In our last post, we used the PDT’s VMCreator.ps1 script to create all the VMs that are required to setup all System Center components.

Now, we are going to use the Installer.ps1 script to finish the installation.

Installer.PS1 SCRIPT

Start by running PowerShell command prompt as Administrator. Right-click on PowerShell and choose ‘Run As Administrator’.

Administrative PowerShell Prompt

In the PowerShell command prompt, change the working directory to where the Installer.ps1 script is located (in my example, in the Downloads folder); for example: cd “C:\Users\Adin\Downloads”.

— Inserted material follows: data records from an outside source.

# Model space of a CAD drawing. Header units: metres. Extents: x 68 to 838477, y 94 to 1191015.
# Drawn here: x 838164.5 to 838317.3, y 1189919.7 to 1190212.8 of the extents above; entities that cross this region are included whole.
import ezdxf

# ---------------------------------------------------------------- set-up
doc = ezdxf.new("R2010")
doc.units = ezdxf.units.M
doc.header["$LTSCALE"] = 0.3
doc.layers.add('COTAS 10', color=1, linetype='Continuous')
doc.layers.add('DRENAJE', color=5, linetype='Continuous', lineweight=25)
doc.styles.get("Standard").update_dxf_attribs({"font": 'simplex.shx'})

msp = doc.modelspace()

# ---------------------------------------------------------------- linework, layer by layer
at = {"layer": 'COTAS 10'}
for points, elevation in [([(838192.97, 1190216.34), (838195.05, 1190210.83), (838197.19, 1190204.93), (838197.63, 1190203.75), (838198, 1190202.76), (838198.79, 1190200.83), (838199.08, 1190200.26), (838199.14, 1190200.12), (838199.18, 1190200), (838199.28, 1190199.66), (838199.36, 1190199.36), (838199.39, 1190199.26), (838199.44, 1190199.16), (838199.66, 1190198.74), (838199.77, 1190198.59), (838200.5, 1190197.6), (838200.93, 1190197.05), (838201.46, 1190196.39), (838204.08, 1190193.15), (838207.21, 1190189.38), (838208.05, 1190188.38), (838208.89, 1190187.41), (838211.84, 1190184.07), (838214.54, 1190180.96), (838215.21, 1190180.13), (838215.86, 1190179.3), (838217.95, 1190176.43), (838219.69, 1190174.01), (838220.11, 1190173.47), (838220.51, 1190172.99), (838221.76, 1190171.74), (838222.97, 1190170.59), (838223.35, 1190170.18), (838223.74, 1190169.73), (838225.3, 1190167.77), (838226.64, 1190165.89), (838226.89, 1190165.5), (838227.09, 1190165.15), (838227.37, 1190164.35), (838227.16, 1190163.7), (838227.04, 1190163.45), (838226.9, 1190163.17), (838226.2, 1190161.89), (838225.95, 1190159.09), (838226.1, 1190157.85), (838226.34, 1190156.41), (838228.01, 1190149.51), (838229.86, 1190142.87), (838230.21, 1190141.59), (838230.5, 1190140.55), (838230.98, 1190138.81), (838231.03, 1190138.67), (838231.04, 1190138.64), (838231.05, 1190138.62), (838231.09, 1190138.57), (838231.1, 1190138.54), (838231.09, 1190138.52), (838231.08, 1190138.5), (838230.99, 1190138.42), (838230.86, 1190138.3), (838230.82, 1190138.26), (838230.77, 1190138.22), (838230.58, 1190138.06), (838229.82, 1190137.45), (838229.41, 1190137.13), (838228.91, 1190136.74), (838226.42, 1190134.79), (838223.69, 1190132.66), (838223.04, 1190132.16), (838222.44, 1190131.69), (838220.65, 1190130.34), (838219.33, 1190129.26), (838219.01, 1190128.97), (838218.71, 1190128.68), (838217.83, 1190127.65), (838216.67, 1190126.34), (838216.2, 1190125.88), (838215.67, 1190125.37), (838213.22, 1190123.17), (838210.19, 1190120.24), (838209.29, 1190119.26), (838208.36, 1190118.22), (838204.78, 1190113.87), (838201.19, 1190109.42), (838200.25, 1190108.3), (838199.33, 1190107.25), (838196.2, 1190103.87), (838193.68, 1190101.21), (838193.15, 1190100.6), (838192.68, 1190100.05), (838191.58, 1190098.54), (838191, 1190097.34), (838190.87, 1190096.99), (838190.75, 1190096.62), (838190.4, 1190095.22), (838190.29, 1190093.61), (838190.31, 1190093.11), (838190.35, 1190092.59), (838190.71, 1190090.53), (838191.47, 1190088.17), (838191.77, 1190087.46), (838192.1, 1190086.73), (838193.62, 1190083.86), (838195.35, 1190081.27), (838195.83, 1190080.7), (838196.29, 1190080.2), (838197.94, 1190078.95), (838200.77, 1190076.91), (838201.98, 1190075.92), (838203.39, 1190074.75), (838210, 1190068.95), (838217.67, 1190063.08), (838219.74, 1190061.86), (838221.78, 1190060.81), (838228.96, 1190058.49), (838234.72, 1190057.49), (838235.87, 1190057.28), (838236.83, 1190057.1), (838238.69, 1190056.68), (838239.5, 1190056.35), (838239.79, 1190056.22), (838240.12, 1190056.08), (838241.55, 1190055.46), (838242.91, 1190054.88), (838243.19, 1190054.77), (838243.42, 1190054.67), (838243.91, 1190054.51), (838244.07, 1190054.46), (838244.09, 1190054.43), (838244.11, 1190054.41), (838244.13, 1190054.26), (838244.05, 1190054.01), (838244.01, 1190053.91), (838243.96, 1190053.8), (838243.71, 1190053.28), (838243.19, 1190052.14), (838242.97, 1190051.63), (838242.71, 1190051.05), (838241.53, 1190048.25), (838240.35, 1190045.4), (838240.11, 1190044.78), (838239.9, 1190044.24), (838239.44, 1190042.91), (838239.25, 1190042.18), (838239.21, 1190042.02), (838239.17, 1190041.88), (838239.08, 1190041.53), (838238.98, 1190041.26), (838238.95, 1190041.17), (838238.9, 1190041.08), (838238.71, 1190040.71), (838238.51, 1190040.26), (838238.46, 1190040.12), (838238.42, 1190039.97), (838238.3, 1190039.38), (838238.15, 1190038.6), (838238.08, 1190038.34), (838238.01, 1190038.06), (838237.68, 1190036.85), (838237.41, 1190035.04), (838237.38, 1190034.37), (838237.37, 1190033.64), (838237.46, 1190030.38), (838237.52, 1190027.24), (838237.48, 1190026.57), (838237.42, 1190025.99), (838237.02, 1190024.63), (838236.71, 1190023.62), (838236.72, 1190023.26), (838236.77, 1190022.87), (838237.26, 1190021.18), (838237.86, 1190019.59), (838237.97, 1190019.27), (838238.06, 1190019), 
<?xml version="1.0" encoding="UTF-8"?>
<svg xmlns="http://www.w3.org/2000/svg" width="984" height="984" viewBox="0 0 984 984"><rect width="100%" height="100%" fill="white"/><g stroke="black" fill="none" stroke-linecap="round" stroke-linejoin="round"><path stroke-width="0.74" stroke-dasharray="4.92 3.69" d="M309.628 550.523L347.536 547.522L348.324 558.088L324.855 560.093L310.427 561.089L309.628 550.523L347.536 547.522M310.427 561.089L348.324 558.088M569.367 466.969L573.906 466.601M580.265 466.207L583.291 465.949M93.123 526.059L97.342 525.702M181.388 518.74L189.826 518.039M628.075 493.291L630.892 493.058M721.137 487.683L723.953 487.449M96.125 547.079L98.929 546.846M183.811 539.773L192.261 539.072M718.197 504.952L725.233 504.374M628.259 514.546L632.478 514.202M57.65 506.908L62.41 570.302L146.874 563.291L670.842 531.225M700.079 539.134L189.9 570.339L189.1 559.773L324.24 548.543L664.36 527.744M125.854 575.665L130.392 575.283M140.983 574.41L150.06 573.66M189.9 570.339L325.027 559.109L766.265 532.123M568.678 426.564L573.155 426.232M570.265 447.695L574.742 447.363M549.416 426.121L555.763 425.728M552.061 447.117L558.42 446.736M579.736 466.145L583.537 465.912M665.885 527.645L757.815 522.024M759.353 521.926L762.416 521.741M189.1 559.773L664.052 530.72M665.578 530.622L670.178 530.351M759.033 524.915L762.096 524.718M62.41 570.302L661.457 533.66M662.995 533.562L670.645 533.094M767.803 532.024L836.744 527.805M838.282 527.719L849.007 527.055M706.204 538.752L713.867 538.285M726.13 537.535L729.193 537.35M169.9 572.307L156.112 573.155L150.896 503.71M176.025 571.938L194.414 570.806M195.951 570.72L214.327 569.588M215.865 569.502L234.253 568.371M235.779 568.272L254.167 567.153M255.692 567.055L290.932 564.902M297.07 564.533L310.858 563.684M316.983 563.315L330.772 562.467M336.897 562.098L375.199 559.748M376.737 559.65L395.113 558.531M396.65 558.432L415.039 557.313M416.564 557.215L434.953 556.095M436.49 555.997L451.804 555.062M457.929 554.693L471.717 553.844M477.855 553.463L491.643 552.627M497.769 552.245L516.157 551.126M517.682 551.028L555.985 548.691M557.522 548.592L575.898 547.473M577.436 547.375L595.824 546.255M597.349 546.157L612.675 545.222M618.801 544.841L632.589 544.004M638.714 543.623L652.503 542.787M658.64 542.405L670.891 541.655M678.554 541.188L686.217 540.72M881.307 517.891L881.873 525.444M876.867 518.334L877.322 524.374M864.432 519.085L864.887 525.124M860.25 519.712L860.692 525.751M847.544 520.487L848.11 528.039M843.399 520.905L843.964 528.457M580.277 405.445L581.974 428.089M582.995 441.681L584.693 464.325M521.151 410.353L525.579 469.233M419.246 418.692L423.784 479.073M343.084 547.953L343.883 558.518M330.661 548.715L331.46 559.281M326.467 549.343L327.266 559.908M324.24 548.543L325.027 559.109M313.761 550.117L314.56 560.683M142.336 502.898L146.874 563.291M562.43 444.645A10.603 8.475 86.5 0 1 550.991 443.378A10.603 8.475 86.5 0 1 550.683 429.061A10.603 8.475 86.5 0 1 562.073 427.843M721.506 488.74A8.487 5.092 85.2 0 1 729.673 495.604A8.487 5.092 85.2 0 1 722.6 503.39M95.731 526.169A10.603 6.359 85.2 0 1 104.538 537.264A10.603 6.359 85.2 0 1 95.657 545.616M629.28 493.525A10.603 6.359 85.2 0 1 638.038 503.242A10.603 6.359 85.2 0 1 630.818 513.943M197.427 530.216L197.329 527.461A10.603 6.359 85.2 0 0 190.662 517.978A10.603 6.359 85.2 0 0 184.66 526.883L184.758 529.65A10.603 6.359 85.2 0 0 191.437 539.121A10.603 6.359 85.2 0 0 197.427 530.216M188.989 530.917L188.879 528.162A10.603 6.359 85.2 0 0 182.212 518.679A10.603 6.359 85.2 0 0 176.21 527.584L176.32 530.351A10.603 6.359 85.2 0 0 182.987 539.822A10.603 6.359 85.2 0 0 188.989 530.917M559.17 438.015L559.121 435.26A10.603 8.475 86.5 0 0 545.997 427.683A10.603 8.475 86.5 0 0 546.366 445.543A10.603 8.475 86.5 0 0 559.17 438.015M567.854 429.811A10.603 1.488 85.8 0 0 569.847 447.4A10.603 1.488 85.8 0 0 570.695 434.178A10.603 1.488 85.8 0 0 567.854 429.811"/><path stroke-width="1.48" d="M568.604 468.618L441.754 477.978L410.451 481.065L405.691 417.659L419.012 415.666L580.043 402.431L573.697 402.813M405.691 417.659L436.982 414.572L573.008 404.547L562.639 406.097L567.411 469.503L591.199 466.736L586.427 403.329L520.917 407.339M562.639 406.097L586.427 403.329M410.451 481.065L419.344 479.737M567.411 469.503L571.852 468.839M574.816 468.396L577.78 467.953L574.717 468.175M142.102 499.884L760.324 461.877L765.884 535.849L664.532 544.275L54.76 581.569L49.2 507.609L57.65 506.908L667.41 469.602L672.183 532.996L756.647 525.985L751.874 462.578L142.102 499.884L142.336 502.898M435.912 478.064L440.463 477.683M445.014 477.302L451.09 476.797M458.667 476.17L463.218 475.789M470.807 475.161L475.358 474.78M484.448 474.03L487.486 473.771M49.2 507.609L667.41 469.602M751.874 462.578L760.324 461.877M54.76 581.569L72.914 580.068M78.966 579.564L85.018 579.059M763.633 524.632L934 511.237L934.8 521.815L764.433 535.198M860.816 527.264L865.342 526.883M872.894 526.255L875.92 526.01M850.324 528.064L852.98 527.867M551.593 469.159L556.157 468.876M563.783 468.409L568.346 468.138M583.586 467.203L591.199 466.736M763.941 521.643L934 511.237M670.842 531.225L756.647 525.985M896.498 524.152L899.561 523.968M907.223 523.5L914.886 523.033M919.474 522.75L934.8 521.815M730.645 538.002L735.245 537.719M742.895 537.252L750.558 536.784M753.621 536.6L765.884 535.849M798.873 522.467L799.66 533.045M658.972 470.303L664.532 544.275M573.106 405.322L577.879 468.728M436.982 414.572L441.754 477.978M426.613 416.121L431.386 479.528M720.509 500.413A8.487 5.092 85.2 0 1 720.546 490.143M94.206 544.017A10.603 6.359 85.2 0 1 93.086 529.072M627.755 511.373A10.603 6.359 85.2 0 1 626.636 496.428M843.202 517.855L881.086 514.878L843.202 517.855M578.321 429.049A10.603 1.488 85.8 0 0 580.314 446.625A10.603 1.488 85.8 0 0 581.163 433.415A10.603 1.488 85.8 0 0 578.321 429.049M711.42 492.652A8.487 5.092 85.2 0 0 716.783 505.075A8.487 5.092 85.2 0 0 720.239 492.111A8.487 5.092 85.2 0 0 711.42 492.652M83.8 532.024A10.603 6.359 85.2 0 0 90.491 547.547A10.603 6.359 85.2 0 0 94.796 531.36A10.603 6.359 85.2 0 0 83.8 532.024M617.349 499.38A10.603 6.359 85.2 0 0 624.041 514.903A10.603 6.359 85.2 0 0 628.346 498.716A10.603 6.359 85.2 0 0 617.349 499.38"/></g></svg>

Before running the script to execute the installation, it is best to run the validation option first, to ensure everything is in place. To do this, run the Installer.ps1 script with the “-ValidateOnly” parameter, like this: PS C:\Users\Administrator\Downloads\PDT2.5.2509> .\Installer.ps1 -ValidateOnly. This will initiate the validation, which checks things like the VMs, dependencies, SQL Server installations, and media for installation.

As you can see in my lab example, the Media validation has failed.

PDTInstallerScript-MediaValidationFailed

You will notice that the Installer.ps1 script is looking for the media in the C:\Temp directory. But wait, didn’t we download all of the required files by running the Donwloader.ps1 script? Yes we did. Then why is this validation failing?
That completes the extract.